So I think that it is time to try to put everything in perspective. I know to a lot of people the World Series was pretty meaningless. I saw the ratings, I read the sports columnists complain that this was a poorly played series that no one really cared about, that it would have been much better if the Red Sox or the Yankees were in it. And I know that for some people out there that means that the blog hasn't been as interesting a read the past few weeks. Because of that I'll try to explain what this all means to me.
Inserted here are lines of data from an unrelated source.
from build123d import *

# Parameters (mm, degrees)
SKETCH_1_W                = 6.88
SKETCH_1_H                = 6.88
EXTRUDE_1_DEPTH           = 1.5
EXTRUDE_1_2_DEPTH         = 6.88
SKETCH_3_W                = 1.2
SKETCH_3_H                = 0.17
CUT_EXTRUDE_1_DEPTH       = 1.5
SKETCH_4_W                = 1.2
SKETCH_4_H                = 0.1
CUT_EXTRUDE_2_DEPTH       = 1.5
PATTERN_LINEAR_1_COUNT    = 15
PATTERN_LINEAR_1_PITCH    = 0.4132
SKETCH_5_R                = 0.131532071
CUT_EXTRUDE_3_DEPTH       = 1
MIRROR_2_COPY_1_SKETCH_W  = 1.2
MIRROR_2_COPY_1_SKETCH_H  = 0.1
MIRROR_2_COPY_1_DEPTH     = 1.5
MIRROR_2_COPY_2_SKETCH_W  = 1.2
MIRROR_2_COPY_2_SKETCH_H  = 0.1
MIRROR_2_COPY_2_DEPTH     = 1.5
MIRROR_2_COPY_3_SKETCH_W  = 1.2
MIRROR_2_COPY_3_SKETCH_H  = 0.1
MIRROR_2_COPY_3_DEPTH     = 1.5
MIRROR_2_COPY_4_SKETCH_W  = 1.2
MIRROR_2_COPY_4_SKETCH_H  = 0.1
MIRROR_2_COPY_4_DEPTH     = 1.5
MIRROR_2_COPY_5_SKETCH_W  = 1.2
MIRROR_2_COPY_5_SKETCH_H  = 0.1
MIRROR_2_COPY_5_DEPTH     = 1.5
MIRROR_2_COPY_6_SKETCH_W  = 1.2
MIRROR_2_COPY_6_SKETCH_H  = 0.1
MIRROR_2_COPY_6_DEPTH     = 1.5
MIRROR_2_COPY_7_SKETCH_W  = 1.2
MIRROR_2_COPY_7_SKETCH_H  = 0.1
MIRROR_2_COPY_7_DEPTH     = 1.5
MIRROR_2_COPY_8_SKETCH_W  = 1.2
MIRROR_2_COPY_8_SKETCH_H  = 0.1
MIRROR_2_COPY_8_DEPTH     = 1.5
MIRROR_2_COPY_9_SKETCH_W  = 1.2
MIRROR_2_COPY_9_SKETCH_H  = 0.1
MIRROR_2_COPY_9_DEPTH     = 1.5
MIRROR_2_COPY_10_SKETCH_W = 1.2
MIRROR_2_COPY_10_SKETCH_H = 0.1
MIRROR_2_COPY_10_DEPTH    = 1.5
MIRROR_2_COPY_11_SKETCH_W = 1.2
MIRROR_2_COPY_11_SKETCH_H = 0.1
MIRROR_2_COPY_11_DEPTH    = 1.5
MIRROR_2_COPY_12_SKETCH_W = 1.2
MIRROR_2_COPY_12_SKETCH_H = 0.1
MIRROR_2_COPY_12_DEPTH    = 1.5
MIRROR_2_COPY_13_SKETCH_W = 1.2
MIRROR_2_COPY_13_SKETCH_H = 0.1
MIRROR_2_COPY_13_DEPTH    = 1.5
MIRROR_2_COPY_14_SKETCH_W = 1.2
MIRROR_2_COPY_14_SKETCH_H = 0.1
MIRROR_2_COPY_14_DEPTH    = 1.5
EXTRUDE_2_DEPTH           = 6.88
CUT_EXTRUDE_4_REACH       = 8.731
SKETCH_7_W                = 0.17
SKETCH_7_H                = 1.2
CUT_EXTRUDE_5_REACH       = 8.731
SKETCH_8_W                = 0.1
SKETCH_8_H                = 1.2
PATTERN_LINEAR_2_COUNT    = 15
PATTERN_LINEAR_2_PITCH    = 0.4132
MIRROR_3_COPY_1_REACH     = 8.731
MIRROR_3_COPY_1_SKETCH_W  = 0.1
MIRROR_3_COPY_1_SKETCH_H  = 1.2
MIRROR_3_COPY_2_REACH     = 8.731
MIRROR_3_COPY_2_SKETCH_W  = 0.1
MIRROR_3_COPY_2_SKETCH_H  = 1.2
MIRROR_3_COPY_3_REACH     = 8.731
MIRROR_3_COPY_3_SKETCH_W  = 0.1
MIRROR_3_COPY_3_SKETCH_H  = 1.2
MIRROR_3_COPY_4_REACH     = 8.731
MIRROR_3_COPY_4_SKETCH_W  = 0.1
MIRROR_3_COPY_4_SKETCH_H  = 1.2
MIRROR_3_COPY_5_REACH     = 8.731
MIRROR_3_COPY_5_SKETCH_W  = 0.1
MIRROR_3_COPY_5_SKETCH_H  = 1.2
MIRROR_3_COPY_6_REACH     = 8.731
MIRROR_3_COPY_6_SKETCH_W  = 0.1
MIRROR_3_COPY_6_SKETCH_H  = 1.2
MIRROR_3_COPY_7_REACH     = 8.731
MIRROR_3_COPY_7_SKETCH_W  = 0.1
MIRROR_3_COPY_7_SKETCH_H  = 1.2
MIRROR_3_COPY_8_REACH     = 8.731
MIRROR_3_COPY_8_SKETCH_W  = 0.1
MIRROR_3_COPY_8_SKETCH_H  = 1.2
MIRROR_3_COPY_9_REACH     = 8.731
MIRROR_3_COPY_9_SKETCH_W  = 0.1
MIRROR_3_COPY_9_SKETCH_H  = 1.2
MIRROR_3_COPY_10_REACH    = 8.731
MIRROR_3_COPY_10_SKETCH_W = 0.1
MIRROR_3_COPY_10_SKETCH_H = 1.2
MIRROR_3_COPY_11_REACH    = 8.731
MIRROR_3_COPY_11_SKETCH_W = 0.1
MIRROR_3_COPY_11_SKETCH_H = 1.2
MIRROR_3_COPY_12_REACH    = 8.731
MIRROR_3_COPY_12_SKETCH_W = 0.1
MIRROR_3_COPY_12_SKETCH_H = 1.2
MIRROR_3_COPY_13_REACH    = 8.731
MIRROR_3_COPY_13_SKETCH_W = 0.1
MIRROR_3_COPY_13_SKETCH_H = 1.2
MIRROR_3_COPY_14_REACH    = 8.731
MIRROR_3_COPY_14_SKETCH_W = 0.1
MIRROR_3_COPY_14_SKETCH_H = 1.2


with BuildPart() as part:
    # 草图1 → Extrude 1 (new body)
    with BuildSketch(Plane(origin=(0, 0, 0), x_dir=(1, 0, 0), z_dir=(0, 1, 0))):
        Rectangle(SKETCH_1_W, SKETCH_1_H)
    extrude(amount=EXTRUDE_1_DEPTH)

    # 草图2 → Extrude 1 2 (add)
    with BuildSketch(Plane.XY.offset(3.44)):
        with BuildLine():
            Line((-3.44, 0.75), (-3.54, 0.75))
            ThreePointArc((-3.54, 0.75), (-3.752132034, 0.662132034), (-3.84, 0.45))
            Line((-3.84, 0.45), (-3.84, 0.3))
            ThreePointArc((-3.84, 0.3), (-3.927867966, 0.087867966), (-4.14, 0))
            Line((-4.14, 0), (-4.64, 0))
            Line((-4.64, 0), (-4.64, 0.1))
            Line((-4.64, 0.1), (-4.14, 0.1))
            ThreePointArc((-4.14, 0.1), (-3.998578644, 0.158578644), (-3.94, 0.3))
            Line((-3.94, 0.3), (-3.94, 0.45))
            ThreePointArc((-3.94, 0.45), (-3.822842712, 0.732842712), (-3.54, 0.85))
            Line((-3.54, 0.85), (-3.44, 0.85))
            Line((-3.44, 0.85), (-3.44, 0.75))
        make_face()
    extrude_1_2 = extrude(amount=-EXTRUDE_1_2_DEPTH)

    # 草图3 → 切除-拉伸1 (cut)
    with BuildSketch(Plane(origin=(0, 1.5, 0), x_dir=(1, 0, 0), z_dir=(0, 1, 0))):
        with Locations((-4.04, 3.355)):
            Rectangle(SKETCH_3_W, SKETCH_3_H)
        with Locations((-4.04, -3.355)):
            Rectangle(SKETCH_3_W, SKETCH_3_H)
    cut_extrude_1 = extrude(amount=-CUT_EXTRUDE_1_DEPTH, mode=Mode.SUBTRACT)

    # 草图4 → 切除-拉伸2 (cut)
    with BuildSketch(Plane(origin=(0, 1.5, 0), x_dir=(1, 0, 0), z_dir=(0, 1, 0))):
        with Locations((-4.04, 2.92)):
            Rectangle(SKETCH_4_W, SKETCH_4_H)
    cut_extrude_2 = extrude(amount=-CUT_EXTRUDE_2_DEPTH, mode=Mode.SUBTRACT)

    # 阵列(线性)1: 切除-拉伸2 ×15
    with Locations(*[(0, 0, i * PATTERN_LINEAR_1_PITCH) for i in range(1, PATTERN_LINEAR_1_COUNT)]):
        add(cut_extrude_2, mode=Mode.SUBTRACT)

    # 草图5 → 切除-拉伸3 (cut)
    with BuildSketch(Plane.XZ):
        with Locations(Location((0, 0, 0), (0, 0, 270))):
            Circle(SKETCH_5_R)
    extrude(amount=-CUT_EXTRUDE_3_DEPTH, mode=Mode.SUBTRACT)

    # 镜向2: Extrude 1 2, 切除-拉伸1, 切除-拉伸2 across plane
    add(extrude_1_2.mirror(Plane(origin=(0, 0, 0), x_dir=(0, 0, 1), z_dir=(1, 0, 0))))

You make your connection to your favorite team when you are young and a lot of times that is simply a matter of geography. And I really understand that argument that if you are a lifelong fan you are not cheering a team or a player but really you are cheering geography. Seriously, I don't think any of the guys on the White Sox are actually from Chicago. The second baseman is from Japan to begin with and the manager is from Venezuela. But I don't cheer (and this holds for wherever you are from) the White Sox or the Bears just because I am from Chicago. I cheer the team because my parents supported the team. I cheer because my grandfather would tell me stories about how he knew the Andy Fran ushers at Old Comiskey and would sneak into games for free and how he knew the organist at the old Chicago Stadium and would watch Black Hawks games from the rafters. When you grow up in a situation such as that being a sports fan is a family legacy. We may have come to this country as immigrants but this is our team.
That might explain why I am such a loyal supporter. It doesn't explain why I seem to have lost my mind the last few weeks watching my team win. For that you really have to understand what it was like to be a kid in the late 70's/early 80's watching Chicago sports. I firmly believe that your love of sports is driven into you when you are seven or eight years old. And when I was that age, learning how to read by the sports section, Chicago teams were awful. We're talking about the Bob Avelini/Vince Evans Bears era. With Neil Armstrong as the head coach, which confused the hell out of me on science tests for a decade. Bulls teams where the highlight was Artis Gilmore's hair. And baseball was, well, we never won. Ever. It was just known. Hadn't been to a World Series since 1959. Hadn't won one since 1917. And this was with two teams. It was statistically impossible for that to happen but there you were.
So I grew up loving my Chicago teams but knowing, deep in my heart, that we would never win. Sure, we might come close and we definitely have some great players but it would never work out. And the times that it actually came through (like the Bears in '85), it was as close to a living dream as you could possibly imagine. I don't know if anyone could really appreciate it because you were so frightened that you might wake up before the ending.
This brings me to where I am now. I'm older, with grey hair starting to show up around the edges. I've moved out of Chicago on to greener pastures, or at least to a more cow intensive environment. I'm far removed from that eight year old kid who learned how to keep score in the right field seats of a Sox-Yankees game. With all my education, with everything that has gone on in my life, it really should be just a game.
But to see that team you cheered when you were a kid finally be the ones holding the trophy at the end. To look at the crowd and know that everyone there is thinking about the generations of fans who wanted nothing more just to see this moment. You can't say it any simpler than it is a dream come true.
And if the Sox can win the World Series, anything is possible.